|In my last Elliott wave-oriented article, I suggested that a "third of a third" might be around the corner ("Third of a Third?" Traders.com Advantage, June 23, 2004). In Elliott wave parlance, a third of a third is the most volatile, robust and potentially-lucrative part of a five wave impulse move--a sort of best of the best that every Elliott wave trader looks and longs for when scanning market charts.|
|In that article, I suggested a market top with the peak on June 8th. This top was a wave two, a "bear market rally" that retraced a significant chunk of the previous wave one declines. As it turned out, the actual peak was a few days away, as the market climbed a bit higher toward the end of the month. Thus, I would now revise my count to make the wave two peak appear on June 24th.|
|Figure 1: This five-wave sequence forms wave five.|
|Graphic provided by: Prophet Financial Systems, Inc.|
|Wave three, then lasted from June 24th to July 19th. In terms of the $OEX, or the S&P 100, this meant a decline from about 558 to 534, a drop of about 4%. Wave four saw the $OEX rally back up to 544 in a fairly sharp, two-day rally. And wave five began immediately thereafter.|
It is within this last wave five that I spotted an ending diagonal triangle.
Figure 2. The ending diagonal triangle on July 22-26 set the stage for the sharp, counter-trend rally on the 27th.
Triangles in general and diagonal triangles in specific have long been a part of technical analysis. In Elliott wave analysis, the diagonal triangle--which looks much like a declining wedge a la traditional technical analysis--are actually "impulsive" rather than "corrective". This means, crudely put, that they are pro-trend as opposed to counter-trend.
Diagonal triangles, as impulse patterns, have five legs or five waves.
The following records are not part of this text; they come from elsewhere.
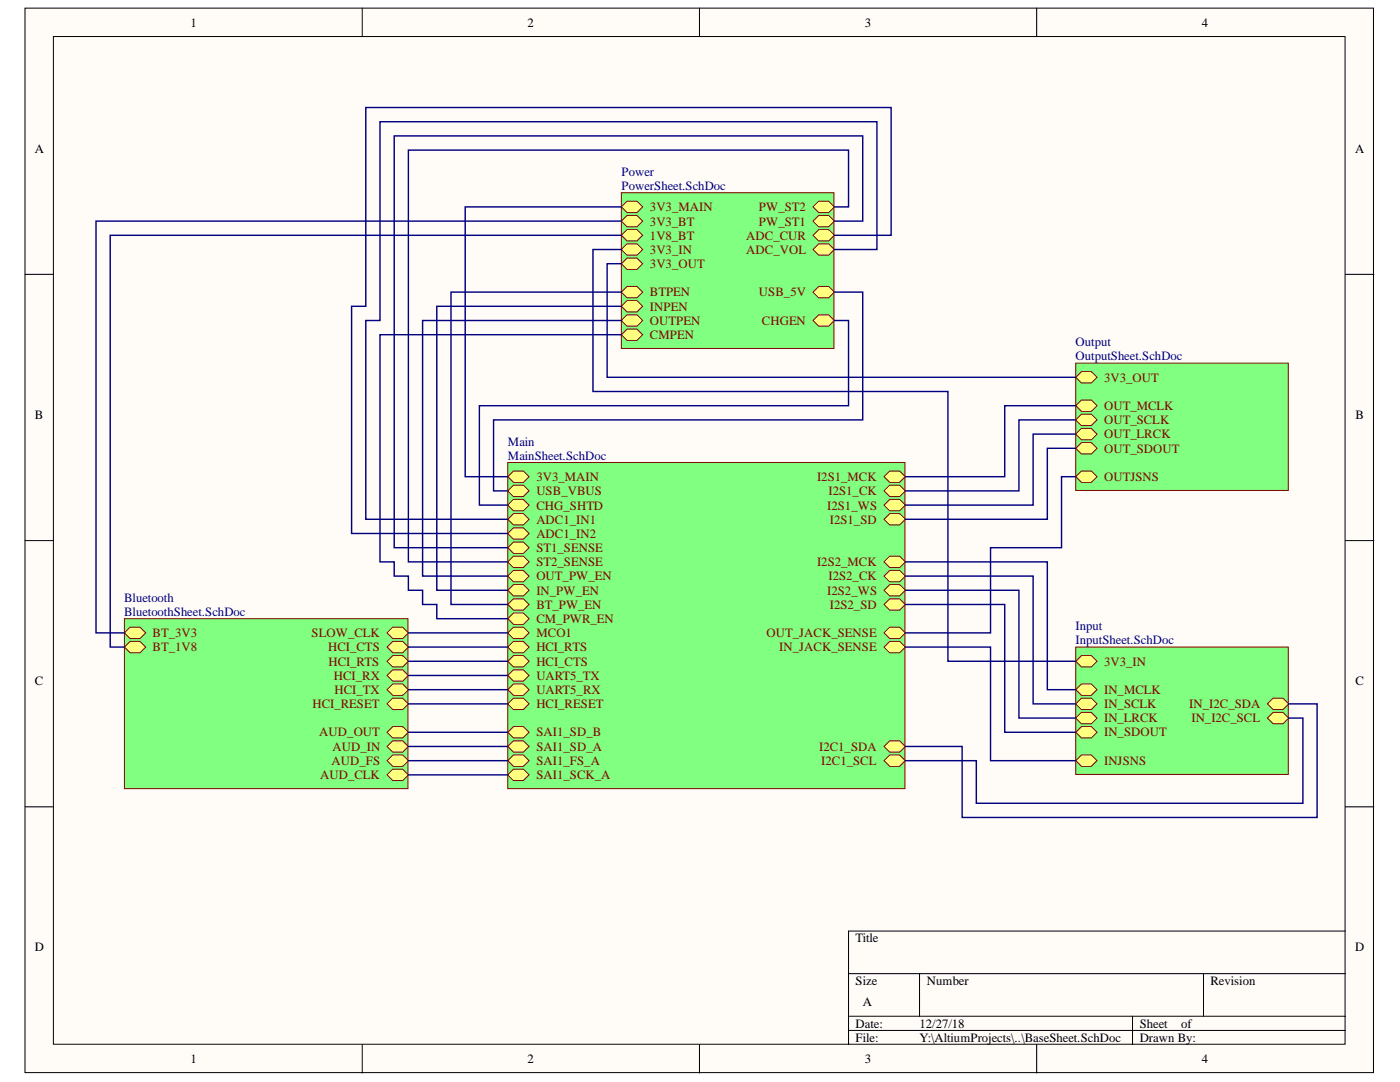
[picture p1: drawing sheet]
<svg xmlns="http://www.w3.org/2000/svg" width="279mm" height="216mm" viewBox="0 0 279 216" stroke-linecap="round" stroke-linejoin="round" font-family="sans-serif">
<g fill="#fffcf8" stroke="#000" stroke-width=".2">
<path d="M5 1.6h269.1v212.4h-269.1z"/>
<path d="M10.7 7.3h257.7v201.1h-257.7z"/>
</g>
<g fill="none" stroke="#000" stroke-width=".2">
<path d="M72.3 1.6v5.7M139.6 1.6v5.7M206.9 1.6v5.7M5 54.7h5.7M268.5 54.7h5.7M5 107.9h5.7M268.5 107.9h5.7M5 161h5.7M268.5 161h5.7M169.3 194.3h99.2M183.5 194.3v8.5M240.2 194.3v8.5"/>
<path d="M268.5 185.8h-99.2v22.6M72.3 208.4v5.7M139.6 208.4v5.7M169.3 202.8h99.2M169.3 205.6h99.2M206.9 208.4v5.7M226 202.8v5.6"/>
</g>
<path d="M124 38.5h42.4v31h-42.4z" fill="#80ff80" stroke="#800000" stroke-width=".2"/>
<path d="M124 41.3l1.1-1.1h2l1.2 1.1-1.2 1.1h-2z" fill-rule="evenodd" fill="#ffff80"/>
<path d="M124 41.3l1.1-1.1h2l1.2 1.1-1.2 1.1h-2z" fill="none" stroke="#800000" stroke-width=".2"/>
<path d="M124 44.1l1.1-1.1h2l1.2 1.1-1.2 1.2h-2z" fill-rule="evenodd" fill="#ffff80"/>
<path d="M124 44.1l1.1-1.1h2l1.2 1.1-1.2 1.2h-2z" fill="none" stroke="#800000" stroke-width=".2"/>
<path d="M124 47l1.1-1.2h2l1.2 1.2-1.2 1.1h-2z" fill-rule="evenodd" fill="#ffff80"/>
<path d="M124 47l1.1-1.2h2l1.2 1.2-1.2 1.1h-2z" fill="none" stroke="#800000" stroke-width=".2"/>
<path d="M124 49.8l1.1-1.1h2l1.2 1.1-1.2 1.1h-2z" fill-rule="evenodd" fill="#ffff80"/>
<path d="M124 49.8l1.1-1.1h2l1.2 1.1-1.2 1.1h-2z" fill="none" stroke="#800000" stroke-width=".2"/>
<path d="M124 52.6l1.1-1.1h2l1.2 1.1-1.2 1.2h-2z" fill-rule="evenodd" fill="#ffff80"/>
<path d="M124 52.6l1.1-1.1h2l1.2 1.1-1.2 1.2h-2z" fill="none" stroke="#800000" stroke-width=".2"/>
<path d="M124 58.3l1.1-1.1h2l1.2 1.1-1.2 1.1h-2z" fill-rule="evenodd" fill="#ffff80"/>
<path d="M124 58.3l1.1-1.1h2l1.2 1.1-1.2 1.1h-2z" fill="none" stroke="#800000" stroke-width=".2"/>
<path d="M124 61.1l1.1-1.1h2l1.2 1.1-1.2 1.2h-2z" fill-rule="evenodd" fill="#ffff80"/>
<path d="M124 61.1l1.1-1.1h2l1.2 1.1-1.2 1.2h-2z" fill="none" stroke="#800000" stroke-width=".2"/>
<path d="M124 64l1.1-1.2h2l1.2 1.2-1.2 1.1h-2z" fill-rule="evenodd" fill="#ffff80"/>
<path d="M124 64l1.1-1.2h2l1.2 1.2-1.2 1.1h-2z" fill="none" stroke="#800000" stroke-width=".2"/>
<path d="M162.3 41.3l1.1-1.1h2l1.1 1.1-1.1 1.1h-2z" fill-rule="evenodd" fill="#ffff80"/>
<path d="M162.3 41.3l1.1-1.1h2l1.1 1.1-1.1 1.1h-2z" fill="none" stroke="#800000" stroke-width=".2"/>
<path d="M162.3 44.1l1.1-1.1h2l1.1 1.1-1.1 1.2h-2z" fill-rule="evenodd" fill="#ffff80"/>
<path d="M162.3 44.1l1.1-1.1h2l1.1 1.1-1.1 1.2h-2z" fill="none" stroke="#800000" stroke-width=".2"/>
<path d="M162.3 47l1.1-1.2h2l1.1 1.2-1.1 1.1h-2z" fill-rule="evenodd" fill="#ffff80"/>
<path d="M162.3 47l1.1-1.2h2l1.1 1.2-1.1 1.1h-2z" fill="none" stroke="#800000" stroke-width=".2"/>
<path d="M162.3 49.8l1.1-1.1h2l1.1 1.1-1.1 1.1h-2z" fill-rule="evenodd" fill="#ffff80"/>
<path d="M162.3 49.8l1.1-1.1h2l1.1 1.1-1.1 1.1h-2z" fill="none" stroke="#800000" stroke-width=".2"/>
<path d="M162.3 64l1.1-1.2h2l1.1 1.2-1.1 1.1h-2z" fill-rule="evenodd" fill="#ffff80"/>
<path d="M162.3 64l1.1-1.2h2l1.1 1.2-1.1 1.1h-2z" fill="none" stroke="#800000" stroke-width=".2"/>
<path d="M162.3 58.3l1.1-1.1h2l1.1 1.1-1.1 1.1h-2z" fill-rule="evenodd" fill="#ffff80"/>
<path d="M162.3 58.3l1.1-1.1h2l1.1 1.1-1.1 1.1h-2z" fill="none" stroke="#800000" stroke-width=".2"/>
<path d="M124 66.8l1.1-1.1h2l1.2 1.1-1.2 1.1h-2z" fill-rule="evenodd" fill="#ffff80"/>
<path d="M124 66.8l1.1-1.1h2l1.2 1.1-1.2 1.1h-2z" fill="none" stroke="#800000" stroke-width=".2"/>
<path d="M101.3 92.3h79.3v65.1h-79.3z" fill="#80ff80" stroke="#800000" stroke-width=".2"/>
<path d="M101.3 95.1l1.2-1.1h2l1.1 1.1-1.1 1.2h-2z" fill-rule="evenodd" fill="#ffff80"/>
<path d="M101.3 95.1l1.2-1.1h2l1.1 1.1-1.1 1.2h-2z" fill="none" stroke="#800000" stroke-width=".2"/>
<path d="M101.3 98l1.2-1.2h2l1.1 1.2-1.1 1.1h-2z" fill-rule="evenodd" fill="#ffff80"/>
<path d="M101.3 98l1.2-1.2h2l1.1 1.2-1.1 1.1h-2z" fill="none" stroke="#800000" stroke-width=".2"/>
<path d="M101.3 126.3l1.2-1.1h2l1.1 1.1-1.1 1.1h-2z" fill-rule="evenodd" fill="#ffff80"/>
<path d="M101.3 126.3l1.2-1.1h2l1.1 1.1-1.1 1.1h-2z" fill="none" stroke="#800000" stroke-width=".2"/>
<path d="M101.3 129.1l1.2-1.1h2l1.1 1.1-1.1 1.1h-2z" fill-rule="evenodd" fill="#ffff80"/>
<path d="M101.3 129.1l1.2-1.1h2l1.1 1.1-1.1 1.1h-2z" fill="none" stroke="#800000" stroke-width=".2"/>
<path d="M101.3 131.9l1.2-1.1h2l1.1 1.1-1.1 1.2h-2z" fill-rule="evenodd" fill="#ffff80"/>
<path d="M101.3 131.9l1.2-1.1h2l1.1 1.1-1.1 1.2h-2z" fill="none" stroke="#800000" stroke-width=".2"/>
<path d="M101.3 140.4l1.2-1.1h2l1.1 1.1-1.1 1.2h-2z" fill-rule="evenodd" fill="#ffff80"/>
<path d="M101.3 140.4l1.2-1.1h2l1.1 1.1-1.1 1.2h-2z" fill="none" stroke="#800000" stroke-width=".2"/>
<path d="M101.3 146.1l1.2-1.1h2l1.1 1.1-1.1 1.1h-2z" fill-rule="evenodd" fill="#ffff80"/>
<path d="M101.3 146.1l1.2-1.1h2l1.1 1.1-1.1 1.1h-2z" fill="none" stroke="#800000" stroke-width=".2"/>
<path d="M101.3 148.9l1.2-1.1h2l1.1 1.1-1.1 1.2h-2z" fill-rule="evenodd" fill="#ffff80"/>
<path d="M101.3 148.9l1.2-1.1h2l1.1 1.1-1.1 1.2h-2z" fill="none" stroke="#800000" stroke-width=".2"/>
<path d="M101.3 151.8l1.2-1.2h2l1.1 1.2-1.1 1.1h-2z" fill-rule="evenodd" fill="#ffff80"/>
<path d="M101.3 151.8l1.2-1.2h2l1.1 1.2-1.1 1.1h-2z" fill="none" stroke="#800000" stroke-width=".2"/>
<path d="M101.3 154.6l1.2-1.1h2l1.1 1.1-1.1 1.1h-2z" fill-rule="evenodd" fill="#ffff80"/>
<path d="M101.3 154.6l1.2-1.1h2l1.1 1.1-1.1 1.1h-2z" fill="none" stroke="#800000" stroke-width=".2"/>
<path d="M176.4 148.9l1.2-1.1h1.9l1.2 1.1-1.2 1.2h-1.9z" fill-rule="evenodd" fill="#ffff80"/>
<path d="M176.4 148.9l1.2-1.1h1.9l1.2 1.1-1.2 1.2h-1.9z" fill="none" stroke="#800000" stroke-width=".2"/>
<path d="M176.4 151.8l1.2-1.2h1.9l1.2 1.2-1.2 1.1h-1.9z" fill-rule="evenodd" fill="#ffff80"/>
<path d="M176.4 151.8l1.2-1.2h1.9l1.2 1.2-1.2 1.1h-1.9z" fill="none" stroke="#800000" stroke-width=".2"/>
<path d="M176.4 95.1l1.2-1.1h1.9l1.2 1.1-1.2 1.2h-1.9z" fill-rule="evenodd" fill="#ffff80"/>
<path d="M176.4 95.1l1.2-1.1h1.9l1.2 1.1-1.2 1.2h-1.9z" fill="none" stroke="#800000" stroke-width=".2"/>
<path d="M176.4 98l1.2-1.2h1.9l1.2 1.2-1.2 1.1h-1.9z" fill-rule="evenodd" fill="#ffff80"/>
<path d="M176.4 98l1.2-1.2h1.9l1.2 1.2-1.2 1.1h-1.9z" fill="none" stroke="#800000" stroke-width=".2"/>
<path d="M176.4 100.8l1.2-1.1h1.9l1.2 1.1-1.2 1.1h-1.9z" fill-rule="evenodd" fill="#ffff80"/>
<path d="M176.4 100.8l1.2-1.1h1.9l1.2 1.1-1.2 1.1h-1.9z" fill="none" stroke="#800000" stroke-width=".2"/>
<path d="M176.4 103.6l1.2-1.1h1.9l1.2 1.1-1.2 1.2h-1.9z" fill-rule="evenodd" fill="#ffff80"/>
<path d="M176.4 103.6l1.2-1.1h1.9l1.2 1.1-1.2 1.2h-1.9z" fill="none" stroke="#800000" stroke-width=".2"/>
<path d="M176.4 112.1l1.2-1.1h1.9l1.2 1.1-1.2 1.2h-1.9z" fill-rule="evenodd" fill="#ffff80"/>
<path d="M176.4 112.1l1.2-1.1h1.9l1.2 1.1-1.2 1.2h-1.9z" fill="none" stroke="#800000" stroke-width=".2"/>
<path d="M176.4 115l1.2-1.2h1.9l1.2 1.2-1.2 1.1h-1.9z" fill-rule="evenodd" fill="#ffff80"/>
<path d="M176.4 115l1.2-1.2h1.9l1.2 1.2-1.2 1.1h-1.9z" fill="none" stroke="#800000" stroke-width=".2"/>
<path d="M176.4 117.8l1.2-1.1h1.9l1.2 1.1-1.2 1.1h-1.9z" fill-rule="evenodd" fill="#ffff80"/>
<path d="M176.4 117.8l1.2-1.1h1.9l1.2 1.1-1.2 1.1h-1.9z" fill="none" stroke="#800000" stroke-width=".2"/>
<path d="M176.4 120.6l1.2-1.1h1.9l1.2 1.1-1.2 1.2h-1.9z" fill-rule="evenodd" fill="#ffff80"/>
<path d="M176.4 120.6l1.2-1.1h1.9l1.2 1.1-1.2 1.2h-1.9z" fill="none" stroke="#800000" stroke-width=".2"/>
<path d="M176.4 129.1l1.2-1.1h1.9l1.2 1.1-1.2 1.1h-1.9z" fill-rule="evenodd" fill="#ffff80"/>
<path d="M176.4 129.1l1.2-1.1h1.9l1.2 1.1-1.2 1.1h-1.9z" fill="none" stroke="#800000" stroke-width=".2"/>
<path d="M101.3 103.6l1.2-1.1h2l1.1 1.1-1.1 1.2h-2z" fill-rule="evenodd" fill="#ffff80"/>
<path d="M101.3 103.6l1.2-1.1h2l1.1 1.1-1.1 1.2h-2z" fill="none" stroke="#800000" stroke-width=".2"/>
<path d="M101.3 106.5l1.2-1.2h2l1.1 1.2-1.1 1.1h-2z" fill-rule="evenodd" fill="#ffff80"/>
<path d="M101.3 106.5l1.2-1.2h2l1.1 1.2-1.1 1.1h-2z" fill="none" stroke="#800000" stroke-width=".2"/>
<path d="M101.3 117.8l1.2-1.1h2l1.1 1.1-1.1 1.1h-2z" fill-rule="evenodd" fill="#ffff80"/>
<path d="M101.3 117.8l1.2-1.1h2l1.1 1.1-1.1 1.1h-2z" fill="none" stroke="#800000" stroke-width=".2"/>
<path d="M101.3 100.8l1.2-1.1h2l1.1 1.1-1.1 1.1h-2z" fill-rule="evenodd" fill="#ffff80"/>
<path d="M101.3 100.8l1.2-1.1h2l1.1 1.1-1.1 1.1h-2z" fill="none" stroke="#800000" stroke-width=".2"/>
<path d="M101.3 120.6l1.2-1.1h2l1.1 1.1-1.1 1.2h-2z" fill-rule="evenodd" fill="#ffff80"/>
<path d="M101.3 120.6l1.2-1.1h2l1.1 1.1-1.1 1.2h-2z" fill="none" stroke="#800000" stroke-width=".2"/>
<path d="M176.4 126.3l1.2-1.1h1.9l1.2 1.1-1.2 1.1h-1.9z" fill-rule="evenodd" fill="#ffff80"/>
<path d="M176.4 126.3l1.2-1.1h1.9l1.2 1.1-1.2 1.1h-1.9z" fill="none" stroke="#800000" stroke-width=".2"/>
<path d="M101.3 115l1.2-1.2h2l1.1 1.2-1.1 1.1h-2z" fill-rule="evenodd" fill="#ffff80"/>
<path d="M101.3 115l1.2-1.2h2l1.1 1.2-1.1 1.1h-2z" fill="none" stroke="#800000" stroke-width=".2"/>
<path d="M101.3 109.3l1.2-1.1h2l1.1 1.1-1.1 1.1h-2z" fill-rule="evenodd" fill="#ffff80"/>
<path d="M101.3 109.3l1.2-1.1h2l1.1 1.1-1.1 1.1h-2z" fill="none" stroke="#800000" stroke-width=".2"/>
<path d="M101.3 112.1l1.2-1.1h2l1.1 1.1-1.1 1.2h-2z" fill-rule="evenodd" fill="#ffff80"/>
<path d="M101.3 112.1l1.2-1.1h2l1.1 1.1-1.1 1.2h-2z" fill="none" stroke="#800000" stroke-width=".2"/>
<path d="M101.3 123.5l1.2-1.2h2l1.1 1.2-1.1 1.1h-2z" fill-rule="evenodd" fill="#ffff80"/>
<path d="M101.3 123.5l1.2-1.2h2l1.1 1.2-1.1 1.1h-2z" fill="none" stroke="#800000" stroke-width=".2"/>
<path d="M101.3 134.8l1.2-1.2h2l1.1 1.2-1.1 1.1h-2z" fill-rule="evenodd" fill="#ffff80"/>
<path d="M101.3 134.8l1.2-1.2h2l1.1 1.2-1.1 1.1h-2z" fill="none" stroke="#800000" stroke-width=".2"/>
<path d="M101.3 137.6l1.2-1.1h2l1.1 1.1-1.1 1.1h-2z" fill-rule="evenodd" fill="#ffff80"/>
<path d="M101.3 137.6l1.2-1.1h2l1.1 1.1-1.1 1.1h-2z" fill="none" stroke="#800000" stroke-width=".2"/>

Unlike most impulse patterns, the first and fourth waves in a diagonal triangle can and do overlap. Another interesting difference is that whereas third waves are generally the largest in corrective triangles and in most other impulse patterns, ending diagonals feature an initial wave that is the longest and a fifth and final wave that is the shortest (caveat: contracting triangles are one corrective form in which the first wave is the longest).
|This, as all Elliott wave counts, is my best judgment of the wave count thus far. In the wake of the ending diagonal triangle, there has been a counter-trend rally that has brought prices back to levels comparable to the wave four high immediately before the ending diagonal began. On hourly charts, the Tuesday, July 27th rally looks overbought already, with a 7,10 stochastic that has hooked down. Nearest resistance is at the level of the previous wave four high at about 537, and serious technical damage to this wave count would occur if prices moved meaningfully above the level of the wave four peak of one higher degree at 544.|
If the $OEX does not rally to these levels and, in fact, reverses and takes out the low at 528, then it will be quite likely that the third wave of the movement from the July 21st high will be underway. My immediate downside target in this event is 502, based on Fischer's Elliott wave/Fibonacci method (methodology explained in Fischer's "Fibonacci Applications and Strategies for Traders").